**Data provided**:

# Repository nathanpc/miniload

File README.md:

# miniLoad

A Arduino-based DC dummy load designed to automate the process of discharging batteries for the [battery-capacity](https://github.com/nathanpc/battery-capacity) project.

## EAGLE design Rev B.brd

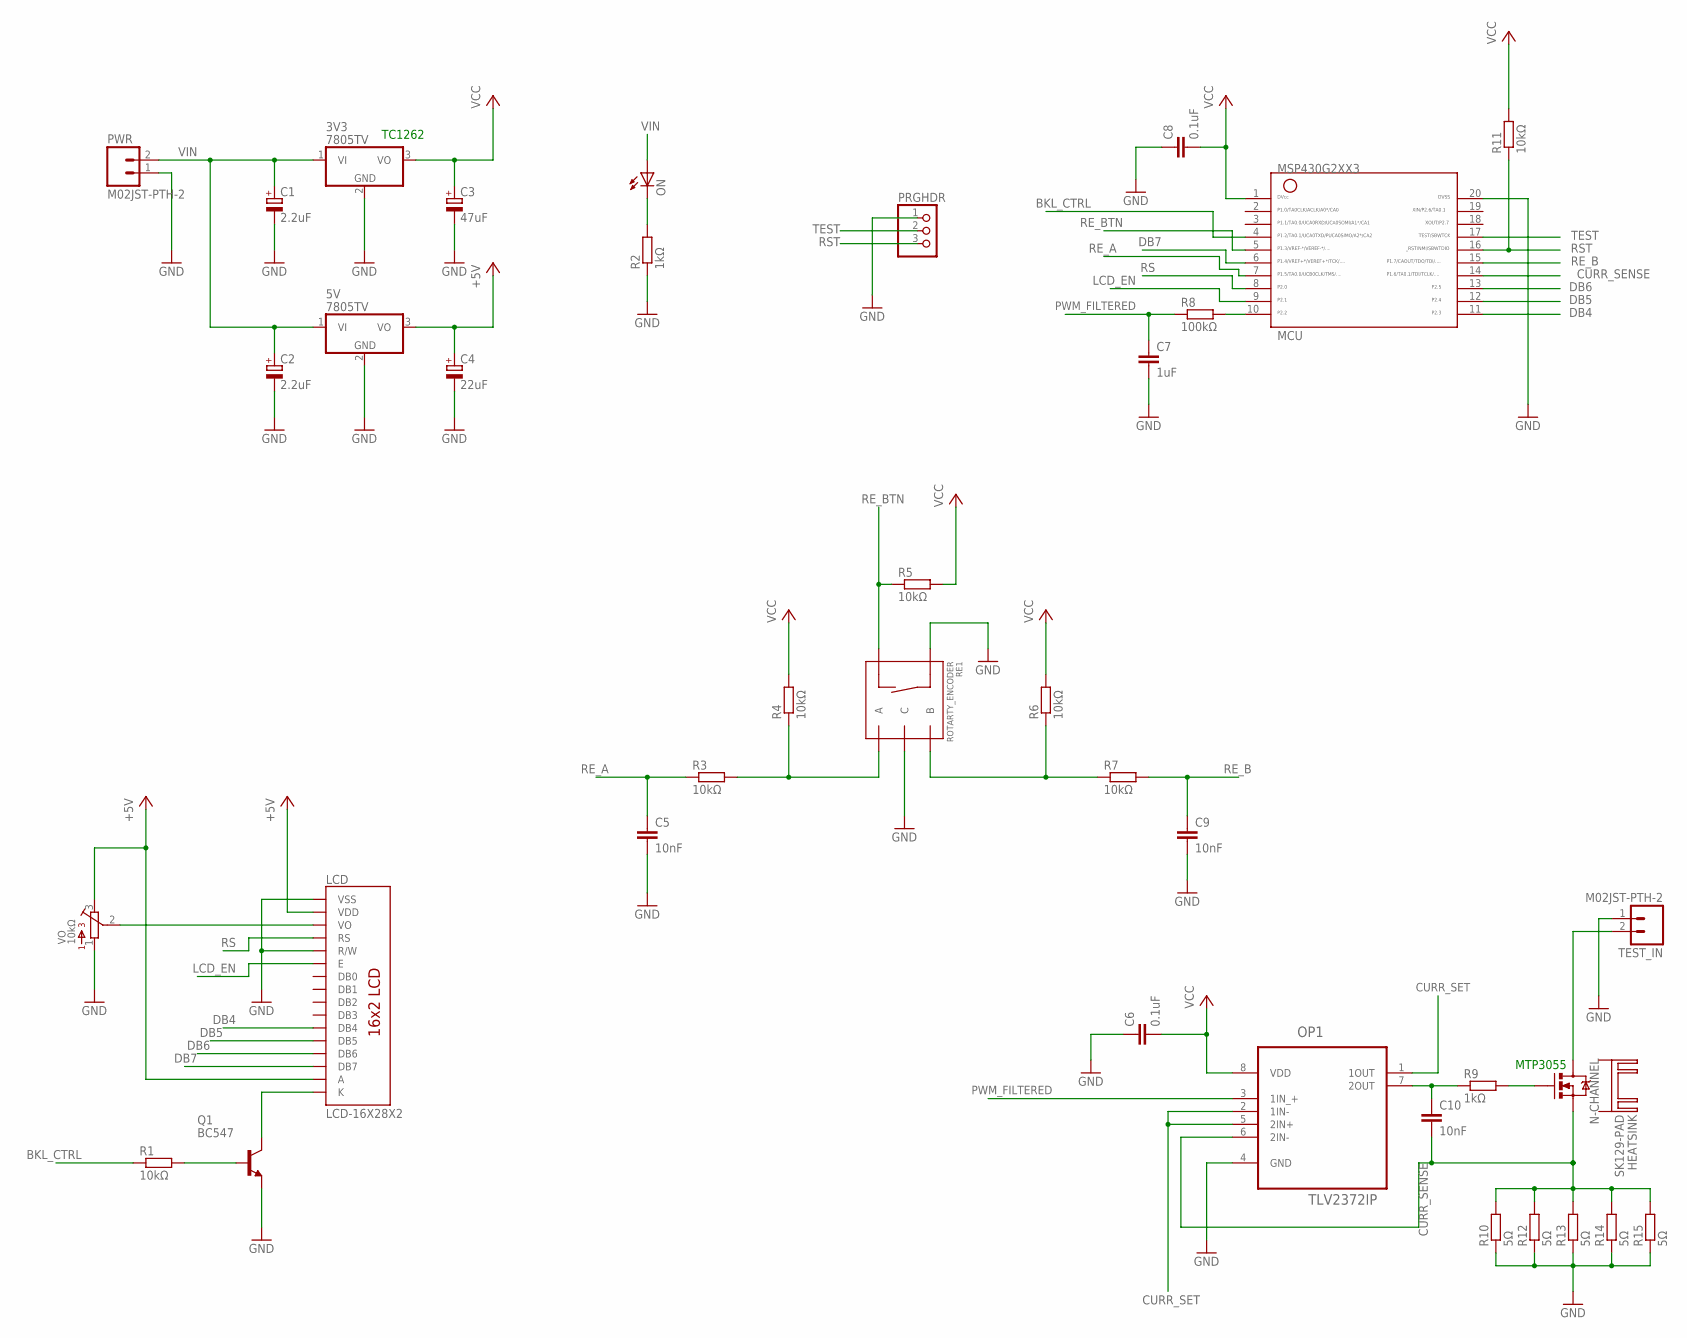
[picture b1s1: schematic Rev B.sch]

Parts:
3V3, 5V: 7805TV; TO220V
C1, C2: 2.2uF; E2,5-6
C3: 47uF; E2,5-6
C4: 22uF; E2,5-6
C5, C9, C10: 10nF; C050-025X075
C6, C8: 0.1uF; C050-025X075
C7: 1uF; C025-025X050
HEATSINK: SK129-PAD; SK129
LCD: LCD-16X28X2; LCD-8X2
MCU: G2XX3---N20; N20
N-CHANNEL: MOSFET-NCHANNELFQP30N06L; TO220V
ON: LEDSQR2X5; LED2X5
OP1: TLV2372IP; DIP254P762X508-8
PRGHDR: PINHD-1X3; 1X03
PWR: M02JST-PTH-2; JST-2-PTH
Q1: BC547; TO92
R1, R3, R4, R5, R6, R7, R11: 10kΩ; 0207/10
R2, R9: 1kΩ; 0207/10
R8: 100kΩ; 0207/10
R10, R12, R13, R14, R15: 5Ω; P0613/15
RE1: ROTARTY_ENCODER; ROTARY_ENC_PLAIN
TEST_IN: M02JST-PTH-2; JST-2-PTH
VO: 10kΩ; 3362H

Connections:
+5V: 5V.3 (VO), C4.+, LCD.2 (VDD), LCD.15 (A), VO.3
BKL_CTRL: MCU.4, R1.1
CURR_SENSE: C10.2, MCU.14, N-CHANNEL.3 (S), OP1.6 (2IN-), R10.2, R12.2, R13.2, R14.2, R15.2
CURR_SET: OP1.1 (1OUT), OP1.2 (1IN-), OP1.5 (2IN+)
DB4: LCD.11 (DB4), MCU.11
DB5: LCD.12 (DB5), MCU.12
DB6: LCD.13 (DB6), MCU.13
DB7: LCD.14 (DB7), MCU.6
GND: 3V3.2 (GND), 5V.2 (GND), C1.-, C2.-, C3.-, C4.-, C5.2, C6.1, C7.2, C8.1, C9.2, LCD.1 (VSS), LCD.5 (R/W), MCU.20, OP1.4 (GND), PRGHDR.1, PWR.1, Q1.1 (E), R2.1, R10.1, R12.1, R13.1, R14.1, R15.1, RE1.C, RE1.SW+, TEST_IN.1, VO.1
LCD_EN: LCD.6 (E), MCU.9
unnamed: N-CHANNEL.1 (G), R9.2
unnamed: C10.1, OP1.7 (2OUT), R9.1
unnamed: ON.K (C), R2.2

**Required work**: Only the pictures are to be omitted; restate everything else above exactly.

**Task response**:
# Repository nathanpc/miniload

File README.md:

# miniLoad

A Arduino-based DC dummy load designed to automate the process of discharging batteries for the [battery-capacity](https://github.com/nathanpc/battery-capacity) project.

## EAGLE design Rev B.brd

[picture b1s1: schematic Rev B.sch]

Parts:
3V3, 5V: 7805TV; TO220V
C1, C2: 2.2uF; E2,5-6
C3: 47uF; E2,5-6
C4: 22uF; E2,5-6
C5, C9, C10: 10nF; C050-025X075
C6, C8: 0.1uF; C050-025X075
C7: 1uF; C025-025X050
HEATSINK: SK129-PAD; SK129
LCD: LCD-16X28X2; LCD-8X2
MCU: G2XX3---N20; N20
N-CHANNEL: MOSFET-NCHANNELFQP30N06L; TO220V
ON: LEDSQR2X5; LED2X5
OP1: TLV2372IP; DIP254P762X508-8
PRGHDR: PINHD-1X3; 1X03
PWR: M02JST-PTH-2; JST-2-PTH
Q1: BC547; TO92
R1, R3, R4, R5, R6, R7, R11: 10kΩ; 0207/10
R2, R9: 1kΩ; 0207/10
R8: 100kΩ; 0207/10
R10, R12, R13, R14, R15: 5Ω; P0613/15
RE1: ROTARTY_ENCODER; ROTARY_ENC_PLAIN
TEST_IN: M02JST-PTH-2; JST-2-PTH
VO: 10kΩ; 3362H

Connections:
+5V: 5V.3 (VO), C4.+, LCD.2 (VDD), LCD.15 (A), VO.3
BKL_CTRL: MCU.4, R1.1
CURR_SENSE: C10.2, MCU.14, N-CHANNEL.3 (S), OP1.6 (2IN-), R10.2, R12.2, R13.2, R14.2, R15.2
CURR_SET: OP1.1 (1OUT), OP1.2 (1IN-), OP1.5 (2IN+)
DB4: LCD.11 (DB4), MCU.11
DB5: LCD.12 (DB5), MCU.12
DB6: LCD.13 (DB6), MCU.13
DB7: LCD.14 (DB7), MCU.6
GND: 3V3.2 (GND), 5V.2 (GND), C1.-, C2.-, C3.-, C4.-, C5.2, C6.1, C7.2, C8.1, C9.2, LCD.1 (VSS), LCD.5 (R/W), MCU.20, OP1.4 (GND), PRGHDR.1, PWR.1, Q1.1 (E), R2.1, R10.1, R12.1, R13.1, R14.1, R15.1, RE1.C, RE1.SW+, TEST_IN.1, VO.1
LCD_EN: LCD.6 (E), MCU.9
unnamed: N-CHANNEL.1 (G), R9.2
unnamed: C10.1, OP1.7 (2OUT), R9.1
unnamed: ON.K (C), R2.2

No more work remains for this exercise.